PPI rose 0.5% in January, above the market estimate of a 0.1% rise, with the annual rate increasing 13.5%, slightly above the anticipated 13.3%.
Economic activity in China expanded sharply for a second straight month, in an early sign the country may be shaking off the impact of pandemic curbs sooner than expected. The IMF upgraded its growth forecast for China to 5.2% in 2023 and predicted that China would contribute around a third of global growth for the year. The annual inflation rate fell to 1.0% in February, below the market forecast of 1.9%, as customers remained cautious despite the removal of zero COVID policies.
The unemployment rate was level at 5.5% in January.
Composite PMI jumped to 54.2 in February, supported by a renewed rise in manufacturing output and a sharper gain in services activity.
Balance of Trade came in at a $116.88 billion surplus for January-February, far ahead of expectations and up on the previous surplus of $78 billion in December.
The Bank of Japan maintained its key short terms interest rate at -0.1% at its February meeting.
Inflation increased 0.4% month on month and 4.3% annually in January, the highest level since December 1981, amid continuing higher prices for imported raw commodities and a weakened yen.
The unemployment rate fell to 2.4% in January, marginally below the 2.5% forecast.

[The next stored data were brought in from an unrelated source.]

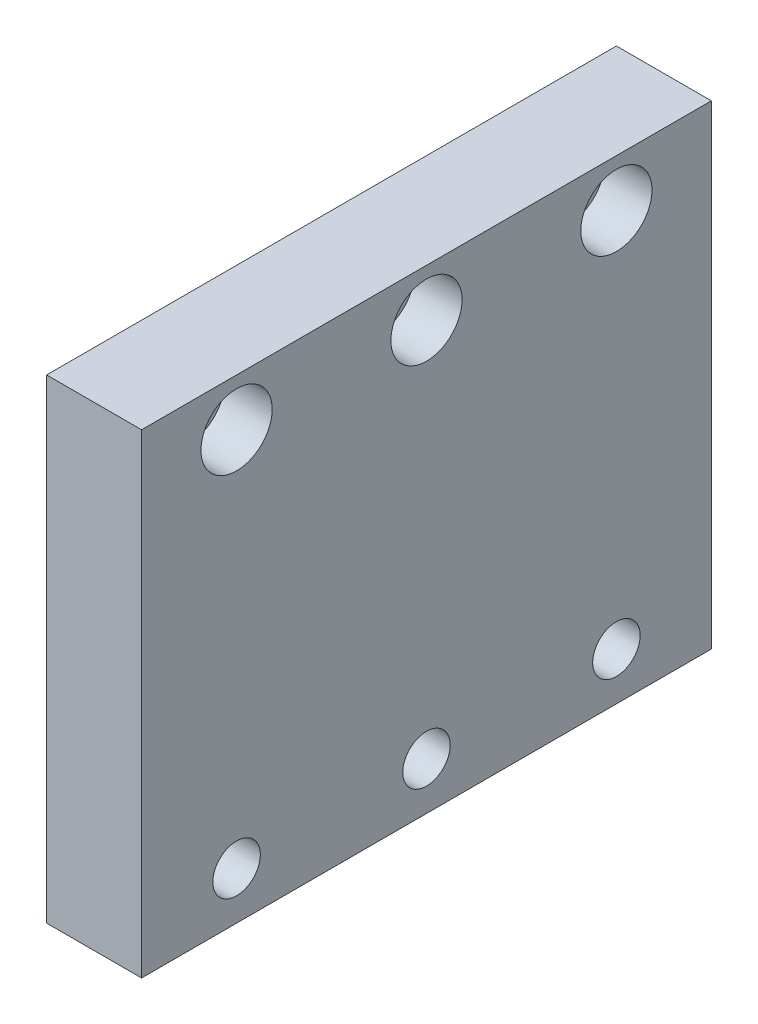
SolidWorks part; units mm, degrees
material "6061 Alloy"
ref_plane "Front" through (0, 0, 0) normal (0, 0, 1) x (1, 0, 0)
ref_plane "Top" through (0, 0, 0) normal (0, 1, 0) x (1, 0, 0)
ref_plane "Right" through (0, 0, 0) normal (1, 0, 0) x (0, 0, -1)
sketch "Sketch2" plane through (0, 0, 0) normal (0, 0, 1) x (1, 0, 0)
  line L7 (-6.35, 31.75) -> (6.35, 31.75)
  line L9 (6.35, -19.05) -> (6.35, -31.75)
  line L10 (6.35, 31.75) -> (6.35, -19.05)
  line L11 (-6.35, 31.75) -> (-6.35, 19.05)
  line L14 (-6.35, 19.05) -> (-6.35, -31.75)
  line L15 (-6.35, -31.75) -> (6.35, -31.75)
  dimension "D1" = 12.7
  dimension "D2" = 63.5
  dimension "D3" = 12.7
  dimension "D4" = 12.7
  dimension "D5" = 31.75
  dimension "D6" = 6.35
extrude "Boss-Extrude1" add sketch "Sketch2" along normal mid plane 76.2
hole_wizard "1/4\"-20 threaded c-bore" positions "Sketch4" profile "Sketch5" counterbore size "#10" standard "ANSI Inch" end condition through all
sketch "Sketch4" plane through (-6.35, 0, 0) normal (-1, 0, 0) x (0, 0, 1)
  line L0 (38.1, -31.75) -> (-38.1, -31.75) construction
  point P0 (-25.4, -25.4)
  point P2 (0, -25.4)
  point P4 (25.4, -25.4)
  point P10 (0, -31.75)
  dimension "D1" = 25.4
  dimension "D2" = 25.4
  dimension "D3" = 6.35
sketch "Sketch5" plane through (-6.35, -25.4, -25.4) normal (0, 1, 0) x (0, 0, 1)
  line L0 (0, 0) -> (0, 12.7)
  line L1 (0, 12.7) -> (3.175, 12.7)
  line L3 (3.175, 12.7) -> (3.175, 6.35)
  line L4 (3.175, 6.35) -> (4.7625, 6.35)
  line L5 (4.7625, 6.35) -> (4.7625, 0)
  line L7 (4.7625, 0) -> (0, 0)
  line L11 (0, -6.35) -> (0, 107.95) construction
  dimension "Thru Hole Dia." = 6.35
  dimension "Thru Hole Depth" = 12.7
  dimension "C'Bore Dia." = 9.525
  dimension "C'Bore Depth" = 6.35
hole_wizard "1/4\"-20 threaded c-bore opposite" positions "Sketch7" profile "Sketch6" counterbore size "#10" standard "ANSI Inch" end condition through all
sketch "Sketch7" plane through (6.35, 0, 0) normal (1, 0, 0) x (0, 0, -1)
  line L0 (-38.1, 31.75) -> (38.1, 31.75) construction
  point P0 (-25.4, 25.4)
  point P2 (0, 25.4)
  point P4 (25.4, 25.4)
  dimension "D1" = 6.35
  dimension "D2" = 25.4
  dimension "D3" = 25.4
sketch "Sketch6" plane through (6.35, 25.4, 25.4) normal (0, 1, 0) x (0, 0, -1)
  line L0 (0, 0) -> (0, 12.7)
  line L1 (0, 12.7) -> (3.175, 12.7)
  line L3 (3.175, 12.7) -> (3.175, 6.35)
  line L4 (3.175, 6.35) -> (4.7625, 6.35)
  line L5 (4.7625, 6.35) -> (4.7625, 0)
  line L7 (4.7625, 0) -> (0, 0)
  line L11 (0, -6.35) -> (0, 107.95) construction
  dimension "Thru Hole Dia." = 6.35
  dimension "Thru Hole Depth" = 12.7
  dimension "C'Bore Dia." = 9.525
  dimension "C'Bore Depth" = 6.35

The consumer confidence index in Japan increased marginally to 31.1 in February as the economy recovered further from pandemic disruptions, with households’ sentiment strengthening for both income growth and employment. Retail Sales in Japan rose 1.9% in January, far higher than the market consensus of a 0.3% rise, with the annual rate rising 6.3%, topping the market forecast of 4.0%.
The Composite PMI rose to 51.1 in February, with services activity growth accelerated to an eight month high.
The Australian dollar (AUD) retreated over the month of February, closing 1.6% lower in trade weighted terms to 61.4. In contrast to January, the AUD depreciated relative to all four major currencies referenced in this update.
Volatility over the month expanded as positive risk sentiment brewing in January reversed. Greater resilience in the global economy coupled with stronger than anticipated economic data have moderated views of an imminent recession. This is somewhat bittersweet news as a lack of economic correction suggests that inflation may be stickier and more difficult for central banks to grapple in the short term.
Relative to the AUD, the US dollar (USD) led the pack in February, appreciating by 4.2%. Conversely, the Japanese Yen (JPY) was the laggard of the month, albeit with a positive relative return of 0.1%. Year-on-year, the AUD remains ahead of the JPY and the Pound Sterling (GBP) by 9.9% and 3.1% respectively. However now trails both the Euro (EUR) and USD by -1.6% and -6.9% respectively.